One day, someone is going to have to fix autocorrect. It's batting 0 for 2
here.

------
cgopalan
I have always been surprised as to why people think its offensive to talk ill
of someone just because the person is dead. Death does not change character.
If a person could be criticized for something when he was alive, he should not
be immune to that after death.

I am definitely not saying that Steve Jobs was a jerk. I admire the man. But
it seems insensible when the OP says it "offends common decency".

Also, IMHO, Stallman wasn't reckless about choosing his words. He says, he's
not glad he's dead (referring to the fact that wishing death upon someone is
not good), but he's glad he's gone (referring here to Jobs as a symbol of
antithesis of the free software movement).
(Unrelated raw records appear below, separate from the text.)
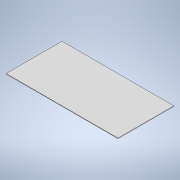
# Autodesk Inventor part: wire_holder_lasercutting800
Saved by Autodesk Inventor 2021 (Build 250183000, 183)
## iProperties
Created: 2021-02-03
Part Number: wire_holder_lasercutting800
Material: Generic
Document SubType Name: Modeling
Designer: User
Density: 1 g/cm^3
Appearance: Default
Author: User
Autodesk Inventor part; units mm, degrees
ref_plane "YZ Plane" through (0, 0, 0) normal (1, 0, 0) x (0, 1, 0)
ref_plane "XZ Plane" through (0, 0, 0) normal (0, 1, 0) x (-1, 0, 0)
ref_plane "XY Plane" through (0, 0, 0) normal (0, 0, 1) x (1, 0, 0)
sketch "Sketch1" plane through (0, 0, 0) normal (0, 1, 0) x (-1, 0, 0)
  line L0 (-17.9221, -16.5) -> (-498.4221, -16.5)
  line L1 (-518.4221, 3.5) -> (-518.4221, 130)
  line L2 (-498.4221, 150) -> (251.5779, 150)
  line L3 (271.5779, 130) -> (271.5779, 30)
  line L4 (-18.4221, -12) -> (-498.4221, -12)
  line L5 (-513.9221, 3.5) -> (-513.9221, 130)
  line L6 (-498.4221, 145.5) -> (251.5779, 145.5)
  line L7 (267.0779, 130) -> (267.0779, 30)
  line L8 (251.5779, 14.5) -> (-488.9221, 14.5)
  line L9 (-504.4221, 30) -> (-504.4221, 120.5)
  line L10 (251.5779, 10) -> (-488.9221, 10)
  line L11 (-508.9221, 30) -> (-508.9221, 120.5)
  line L12 (-488.9221, 136) -> (242.0779, 136)
  line L13 (-488.9221, 140.5) -> (242.0779, 140.5)
  line L14 (257.5779, 120.5) -> (257.5779, 56.5)
  line L15 (242.0779, 41) -> (-479.4221, 41)
  line L16 (262.0779, 120.5) -> (262.0779, 56.5)
  line L17 (242.0779, 36.5) -> (-479.4221, 36.5)
  line L18 (-494.9221, 56.5) -> (-494.9221, 111)
  line L19 (-479.4221, 126.5) -> (232.5779, 126.5)
  line L20 (248.0779, 111) -> (248.0779, 83)
  line L21 (232.5779, 67.5) -> (-488.9221, 67.5)
  line L22 (-499.4221, 56.5) -> (-499.4221, 111)
  line L23 (-479.4221, 131) -> (232.5779, 131)
  line L24 (252.5779, 111) -> (252.5779, 83)
  line L25 (232.5779, 63) -> (-488.9221, 63)
  line L26 (-122.9221, 150) -> (-122.9221, -150) construction
  line L27 (-18.9221, -12) -> (251.5779, -12)
  line L28 (271.5779, -32) -> (271.5779, -129.5)
  line L29 (251.5779, -149.5) -> (-498.4221, -149.5)
  line L30 (-518.4221, -129.5) -> (-518.4221, -58.5)
  line L31 (-18.9221, -16.5) -> (251.5779, -16.5)
  line L32 (267.0779, -32) -> (267.0779, -129.5)
  line L33 (251.5779, -145) -> (-498.4221, -145)
  line L34 (-498.4221, -38.5) -> (242.0779, -38.5)
  line L35 (262.0779, -58.5) -> (262.0779, -120)
  line L36 (242.0779, -140) -> (-488.9221, -140)
  line L37 (-513.9221, -129.5) -> (-513.9221, -58.5)
  line L38 (-498.4221, -43) -> (242.0779, -43)
  line L39 (257.5779, -58.5) -> (257.5779, -120)
  line L40 (242.0779, -135.5) -> (-488.9221, -135.5)
  line L41 (-504.4221, -120) -> (-504.4221, -85)
  line L42 (-508.9221, -120) -> (-508.9221, -85)
  line L43 (-488.9221, -65) -> (232.5779, -65)
  line L44 (252.5779, -85) -> (252.5779, -110.5)
  line L45 (-488.9221, -69.5) -> (232.5779, -69.5)
  line L46 (248.0779, -85) -> (248.0779, -110.5)
  line L47 (232.5779, -126) -> (-488.9221, -126)
  line L48 (232.5779, -130.5) -> (-488.9221, -130.5)
  line L49 (276.5779, 200.5) -> (276.5779, -199.5)
  line L50 (276.5779, -199.5) -> (-523.4221, -199.5)
  line L51 (-523.4221, -199.5) -> (-523.4221, 200)
  line L52 (-523.4221, 200) -> (276.5779, 200)
  line L53 (276.5779, 200) -> (276.5779, -199.5)
  arc A0 (251.5779, -149.5) -> (271.5779, -129.5) centre (251.5779, -129.5) ccw
  arc A1 (251.5779, -145) -> (267.0779, -129.5) centre (251.5779, -129.5) ccw
  arc A2 (242.0779, -135.5) -> (257.5779, -120) centre (242.0779, -120) ccw
  arc A3 (242.0779, -140) -> (262.0779, -120) centre (242.0779, -120) ccw
  arc A4 (232.5779, -130.5) -> (252.5779, -110.5) centre (232.5779, -110.5) ccw
  arc A5 (232.5779, -126) -> (248.0779, -110.5) centre (232.5779, -110.5) ccw
  arc A6 (248.0779, -85) -> (232.5779, -69.5) centre (232.5779, -85) ccw
  arc A7 (252.5779, -85) -> (232.5779, -65) centre (232.5779, -85) ccw
  line L54 (266.0656, -58.5) -> (242.0779, -58.5) construction
  line L55 (242.0779, -58.5) -> (242.0779, -27) construction
  arc A8 (257.5779, -58.5) -> (242.0779, -43) centre (242.0779, -58.5) ccw
  arc A9 (262.0779, -58.5) -> (242.0779, -38.5) centre (242.0779, -58.5) ccw
  line L56 (251.5779, -3.7302) -> (251.5779, -32) construction
  line L57 (251.5779, -32) -> (272.6377, -32) construction
  arc A10 (267.0779, -32) -> (251.5779, -16.5) centre (251.5779, -32) ccw
  arc A11 (271.5779, -32) -> (251.5779, -12) centre (251.5779, -32) ccw
  arc A12 (-518.4221, -129.5) -> (-498.4221, -149.5) centre (-498.4221, -129.5) ccw
  arc A13 (-513.9221, -129.5) -> (-498.4221, -145) centre (-498.4221, -129.5) ccw
  arc A14 (-508.9221, -120) -> (-488.9221, -140) centre (-488.9221, -120) ccw
  line L58 (-488.9221, -130.5) -> (-488.9221, -126)
  arc A15 (-504.4221, -120) -> (-488.9221, -135.5) centre (-488.9221, -120) ccw
  arc A16 (-488.9221, -65) -> (-508.9221, -85) centre (-488.9221, -85) ccw
  arc A17 (-488.9221, -69.5) -> (-504.4221, -85) centre (-488.9221, -85) ccw
  arc A18 (-498.4221, -43) -> (-513.9221, -58.5) centre (-498.4221, -58.5) ccw
  arc A19 (-498.4221, -38.5) -> (-518.4221, -58.5) centre (-498.4221, -58.5) ccw
  line L59 (-488.9221, 63) -> (-488.9221, 67.5)
  arc A20 (-518.4221, 3.5) -> (-498.4221, -16.5) centre (-498.4221, 3.5) ccw
  arc A21 (-513.9221, 3.5) -> (-498.4221, -12) centre (-498.4221, 3.5) ccw
  arc A22 (-508.9221, 30) -> (-488.9221, 10) centre (-488.9221, 30) ccw
  arc A23 (-504.4221, 30) -> (-488.9221, 14.5) centre (-488.9221, 30) ccw
  arc A24 (-499.4221, 56.5) -> (-479.4221, 36.5) centre (-479.4221, 56.5) ccw
  arc A25 (-494.9221, 56.5) -> (-479.4221, 41) centre (-479.4221, 56.5) ccw
  arc A26 (-479.4221, 126.5) -> (-494.9221, 111) centre (-479.4221, 111) ccw
  arc A27 (-479.4221, 131) -> (-499.4221, 111) centre (-479.4221, 111) ccw
  arc A28 (-488.9221, 136) -> (-504.4221, 120.5) centre (-488.9221, 120.5) ccw
  arc A29 (-488.9221, 140.5) -> (-508.9221, 120.5) centre (-488.9221, 120.5) ccw
  arc A30 (-498.4221, 145.5) -> (-513.9221, 130) centre (-498.4221, 130) ccw
  arc A31 (-498.4221, 150) -> (-518.4221, 130) centre (-498.4221, 130) ccw
  arc A32 (251.5779, 10) -> (271.5779, 30) centre (251.5779, 30) ccw
  arc A33 (251.5779, 14.5) -> (267.0779, 30) centre (251.5779, 30) ccw
  arc A34 (242.0779, 41) -> (257.5779, 56.5) centre (242.0779, 56.5) ccw
  arc A35 (242.0779, 36.5) -> (262.0779, 56.5) centre (242.0779, 56.5) ccw
  arc A36 (232.5779, 63) -> (252.5779, 83) centre (232.5779, 83) ccw
  arc A37 (232.5779, 67.5) -> (248.0779, 83) centre (232.5779, 83) ccw
  arc A38 (248.0779, 111) -> (232.5779, 126.5) centre (232.5779, 111) ccw
  arc A39 (252.5779, 111) -> (232.5779, 131) centre (232.5779, 111) ccw
  arc A40 (257.5779, 120.5) -> (242.0779, 136) centre (242.0779, 120.5) ccw
  arc A41 (262.0779, 120.5) -> (242.0779, 140.5) centre (242.0779, 120.5) ccw
  arc A42 (267.0779, 130) -> (251.5779, 145.5) centre (251.5779, 130) ccw
  arc A43 (271.5779, 130) -> (251.5779, 150) centre (251.5779, 130) ccw
  circle A44 centre (-493.4221, -169.5) radius 3.25
  circle A45 centre (246.5779, 170) radius 3.25
  point P0 (-228.4221, 0)
  point P1 (276.5779, 200)
  point P2 (257.5779, -126)
  dimension "d2" = 4.5
  dimension "d3" = 4.5
  dimension "d4" = 4.5
  dimension "d5" = 5
  dimension "d6" = 5
  dimension "d7" = 4.5
  dimension "d8" = 4.5
  dimension "d9" = 4.5
  dimension "d10" = 5
  dimension "d11" = 790
  dimension "d12" = 22
  dimension "d13" = 4.5
  dimension "d14" = 4.5
  dimension "d15" = 22
  dimension "d16" = 5
  dimension "d17" = 5
  dimension "d18" = 4.5
  dimension "d19" = 5
  dimension "d20" = 22
  dimension "d21" = 4.5
  dimension "d22" = 4.5
  dimension "d23" = 4.5
  dimension "d30" = 4.5
  dimension "d31" = 4.5
  dimension "d32" = 4.5
  dimension "d34" = 500
  dimension "d35" = 4.5
  dimension "d36" = 4.5
  dimension "d38" = 4.5
  dimension "d39" = 22
  dimension "d40" = 4.5
  dimension "d41" = 5
  dimension "d42" = 4.5
  dimension "d43" = 4.5
  dimension "d44" = 4.5
  dimension "d46" = 22
  dimension "d47" = 5
  dimension "d48" = 4.5
  dimension "d49" = 5
  dimension "d63" = 400
  dimension "d64" = 50
  dimension "d65" = 5
  dimension "d68" = 5
  dimension "d80" = 4.5
  dimension "d81" = 0
  dimension "d103" = 5
  dimension "d126" = 30
  dimension "d127" = 6.5
  dimension "d128" = 30
  dimension "d129" = 6.5
  dimension "d130" = 30
  dimension "d131" = 30
  constraints: 120 end point, 88 point on circle, 46 centre point, 32 perpendicular, 23 coincident, 11 point on line, 10 horizontal, 8 parallel, 6 vertical
  measures "d2" distance between parallel lines of L1 L5
  measures "d3" distance between parallel lines of L2 L6
  measures "d4" distance between parallel lines of L7 L3
  measures "d5" distance between parallel lines of L13 L6
  measures "d6" distance between parallel lines of L5 L11
  measures "d7" distance between parallel lines of L10 L8
  measures "d8" distance between parallel lines of L14 L16
  measures "d9" distance between parallel lines of L13 L12
  measures "d10" distance between parallel lines of L16 L7
  measures "d11" distance between parallel lines of L1 L3
  measures "d12" distance between parallel lines of L4 L10
  measures "d13" distance between parallel lines of L11 L9
  measures "d14" distance between parallel lines of L17 L15
  measures "d15" distance between parallel lines of L8 L17
  measures "d16" distance between parallel lines of L12 L23
  measures "d17" distance between parallel lines of L9 L22
  measures "d18" distance between parallel lines of L23 L19
  measures "d19" distance between parallel lines of L24 L14
  measures "d20" distance between parallel lines of L15 L25
  measures "d21" distance between parallel lines of L24 L20
  measures "d22" distance between parallel lines of L25 L21
  measures "d23" distance between parallel lines of L22 L18
  measures "d30" distance between parallel lines of L31 L27
  measures "d31" distance between parallel lines of L32 L28
  measures "d32" distance between parallel lines of L29 L33
  measures "d34" distance from line of point (-228.422, 0) L28
  measures "d35" distance between parallel lines of L30 L37
  measures "d36" distance between parallel lines of L39 L35
  measures "d38" distance between parallel lines of L34 L38
  measures "d39" distance between parallel lines of L34 L31
  measures "d40" distance between parallel lines of L36 L40
  measures "d41" distance between parallel lines of L33 L36
  measures "d42" distance between parallel lines of L42 L41
  measures "d43" distance between parallel lines of L43 L45
  measures "d44" distance between parallel lines of L46 L44
  measures "d46" distance between parallel lines of L43 L38
  measures "d47" distance between parallel lines of L37 L42
  measures "d48" distance between parallel lines of L48 L47
  measures "d49" distance between parallel lines of L40 L48
  measures "d63" distance of L49.start L49.end
  measures "d64" distance between parallel lines of L50 L29
  measures "d65" distance between parallel lines of L49 L28
  measures "d68" distance between parallel lines of L51 L30
  measures "d80" distance between parallel lines of L4 L0
  measures "d81" distance between parallel lines of L0 L31
  measures "d103" distance between parallel lines of L51 L1
  measures "d126" distance from line of L50 A44.centre
  measures "d127" diameter of A44
  measures "d128" distance from line of L51 A44.centre
  measures "d129" diameter of A45
  measures "d130" distance from line of L53 A45.centre
  measures "d131" distance from line of L52 A45.centre
extrude "Extrusion1" add sketch "Sketch1" along normal blind 4.5 contours L0 A20 L1 A31 L2 A43 L3 A32 L10 A22 L11 A29 L13 A41 L16 A35 L17 A24 L22 A27 L23 A39 L24 A36 L25 L59 L21 A37 L20 A38 L19 A26 L18 A25 L15 A34 L14 A40 L12 A28 L9 A23 L8 A33 L7 A42 L6 A30 L5 A21 L4 L27 A11 L28 A0 L29 A12 L30 A19 L34 A9 L35 A3 L36 A14 L42 A16 L43 A7 L44 A4 L48 L58 L47 A5 L46 A6 L45 A17 L41 A15 L40 A2 L39 A8 L38 A18 L37 A13 L33 A1 L32 A10 L31 | L49 L50 L51 L52 | A44 | A45
equation "\"d6\" = d26"
equation "\"d10\" = d26"
equation "\"d15\" = d28"
equation "\"d16\" = d26"
equation "\"d19\" = d25"
equation "\"d20\" = d28"
equation "\"d34\" = 0.5 * d52"
equation "\"d41\" = d53"
equation "\"d46\" = d54"
equation "\"d47\" = d53"
equation "\"d49\" = d53"
equation "\"d25\" = 5"
equation "\"d26\" = 5"
equation "\"d28\" = -1.2 * d25 + 0.2 * d29"
equation "\"d51\" = 5"
equation "\"d53\" = 5"
equation "\"d54\" = -1.2 * d51 + 0.2 * d55"
equation "\"d29\" = 140"
equation "\"d55\" = 140"
equation "\"d52\" = 1000"
body "Solid1"

The OP offers an alternate version of what Stallman could have said. Its says:

"I didn't share Steve Jobs' vision of computing, and I wish he'd chosen to
embrace free software. I'm very sorry that he's gone and we've lost the
opportunity to have that conversation. My sympathies are with his family at
this time."

When a person says something, it embodies his style and personality. Stallman
shouldnt have to say something that is not his style. Also "I am very sorry
he's gone and we've lost the opportunity to have that conversation" indicates
that Stallman wanted to engage Jobs in conversation. Who knows? Maybe Stallman
doesnt want to keep engaging in conversation. Maybe he views it as a tough
battle and is sincerely relieved that people against the fsf philosophy dont
exist anymore. If someone with similar beliefs dies tomorrow, he will count it
as one more step towards progress.

There are very few people in the world who do not offer veiled opinions.
Stallman seems to be one of them. Let us not tell him what he needs to say -
but instead think about why he said it.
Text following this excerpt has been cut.